SOURCE RECORDS |
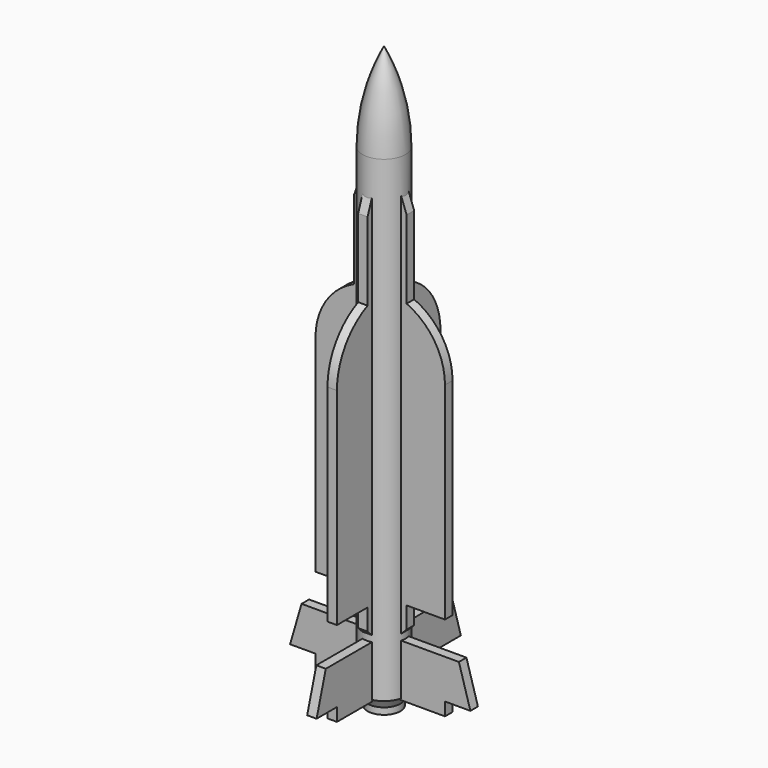
from build123d import *

# Parameters (mm, degrees)
F3_DEPTH = 0.2
F4_COUNT = 4


# Not quite as in the source:
# - a feature names something its author has since deleted; it is built from what else it names


with BuildPart() as f1:
    # F0 (on Front) → F1 (revolve)
    with BuildSketch(Plane.XZ):
        with BuildLine():
            Line((0, 24.5833333333), (0, 0))
            Line((0, 0), (0.6944444444, 0))
            Line((0.6944444444, 0), (0.6944444444, 0.2777777778))
            Line((0.6944444444, 0.2777777778), (0.9097222222, 0.625))
            Line((0.9097222222, 0.625), (0.9097222222, 20.8333333333))
            ThreePointArc((0.9097222222, 20.8333333333), (0.6790405117, 22.7627175953), (0, 24.5833333333))
        make_face()
    revolve(axis=Axis((0, 0, 12.2916666667), (0, 0, 1)))

    # F2 (on Front) → F3 (join, symmetric)
    with BuildSketch(Plane.XZ):
        with BuildLine():
            Line((0, 0.625), (0, 0.5555555556))
            Line((0, 0.5555555556), (2.7430555556, 0.5555555556))
            Line((2.7430555556, 0.5555555556), (2.7430555556, 1.1111111111))
            Line((2.7430555556, 1.1111111111), (3.8194444444, 1.1111111111))
            Line((3.8194444444, 1.1111111111), (3.3333333333, 2.7777777778))
            Line((3.3333333333, 2.7777777778), (0.8, 2.7777777778))
            Line((0.8, 2.7777777778), (0.8, 2.9458333333))
            Line((0.8, 2.9458333333), (1.1180555556, 3.2638888889))
            Line((1.1180555556, 3.2638888889), (1.1180555556, 4.1666666667))
            Line((1.1180555556, 4.1666666667), (2.7430555556, 4.1666666667))
            Line((2.7430555556, 4.1666666667), (2.7430555556, 12.9166666667))
            ThreePointArc((2.7430555556, 12.9166666667), (2.3012216629, 14.4095607148), (1.1180555556, 15.4215230609))
            Line((1.1180555556, 15.4215230609), (1.1180555556, 18.7331644265))
            Line((1.1180555556, 18.7331644265), (0, 21.8049968191))
            Line((0, 21.8049968191), (0, 0.625))
        make_face()
    extrude(amount=F3_DEPTH, both=True)

    # F4: F1 ×4 about axis
    f4_axis = Axis((0, 0, 0.625), (0, 0, 1))


with BuildPart() as f1_1:
    add(f1.part)
    for i in range(1, F4_COUNT):
        add(f1.part.rotate(f4_axis, i * 360 / F4_COUNT))


solid = f1_1.part

EXERCISE REQUIREMENTS |
Without including the pictures, copy all of the data exactly.

WORKED SOLUTION |
from build123d import *

# Parameters (mm, degrees)
F3_DEPTH = 0.2
F4_COUNT = 4


# Not quite as in the source:
# - a feature names something its author has since deleted; it is built from what else it names


with BuildPart() as f1:
    # F0 (on Front) → F1 (revolve)
    with BuildSketch(Plane.XZ):
        with BuildLine():
            Line((0, 24.5833333333), (0, 0))
            Line((0, 0), (0.6944444444, 0))
            Line((0.6944444444, 0), (0.6944444444, 0.2777777778))
            Line((0.6944444444, 0.2777777778), (0.9097222222, 0.625))
            Line((0.9097222222, 0.625), (0.9097222222, 20.8333333333))
            ThreePointArc((0.9097222222, 20.8333333333), (0.6790405117, 22.7627175953), (0, 24.5833333333))
        make_face()
    revolve(axis=Axis((0, 0, 12.2916666667), (0, 0, 1)))

    # F2 (on Front) → F3 (join, symmetric)
    with BuildSketch(Plane.XZ):
        with BuildLine():
            Line((0, 0.625), (0, 0.5555555556))
            Line((0, 0.5555555556), (2.7430555556, 0.5555555556))
            Line((2.7430555556, 0.5555555556), (2.7430555556, 1.1111111111))
            Line((2.7430555556, 1.1111111111), (3.8194444444, 1.1111111111))
            Line((3.8194444444, 1.1111111111), (3.3333333333, 2.7777777778))
            Line((3.3333333333, 2.7777777778), (0.8, 2.7777777778))
            Line((0.8, 2.7777777778), (0.8, 2.9458333333))
            Line((0.8, 2.9458333333), (1.1180555556, 3.2638888889))
            Line((1.1180555556, 3.2638888889), (1.1180555556, 4.1666666667))
            Line((1.1180555556, 4.1666666667), (2.7430555556, 4.1666666667))
            Line((2.7430555556, 4.1666666667), (2.7430555556, 12.9166666667))
            ThreePointArc((2.7430555556, 12.9166666667), (2.3012216629, 14.4095607148), (1.1180555556, 15.4215230609))
            Line((1.1180555556, 15.4215230609), (1.1180555556, 18.7331644265))
            Line((1.1180555556, 18.7331644265), (0, 21.8049968191))
            Line((0, 21.8049968191), (0, 0.625))
        make_face()
    extrude(amount=F3_DEPTH, both=True)

    # F4: F1 ×4 about axis
    f4_axis = Axis((0, 0, 0.625), (0, 0, 1))


with BuildPart() as f1_1:
    add(f1.part)
    for i in range(1, F4_COUNT):
        add(f1.part.rotate(f4_axis, i * 360 / F4_COUNT))


solid = f1_1.part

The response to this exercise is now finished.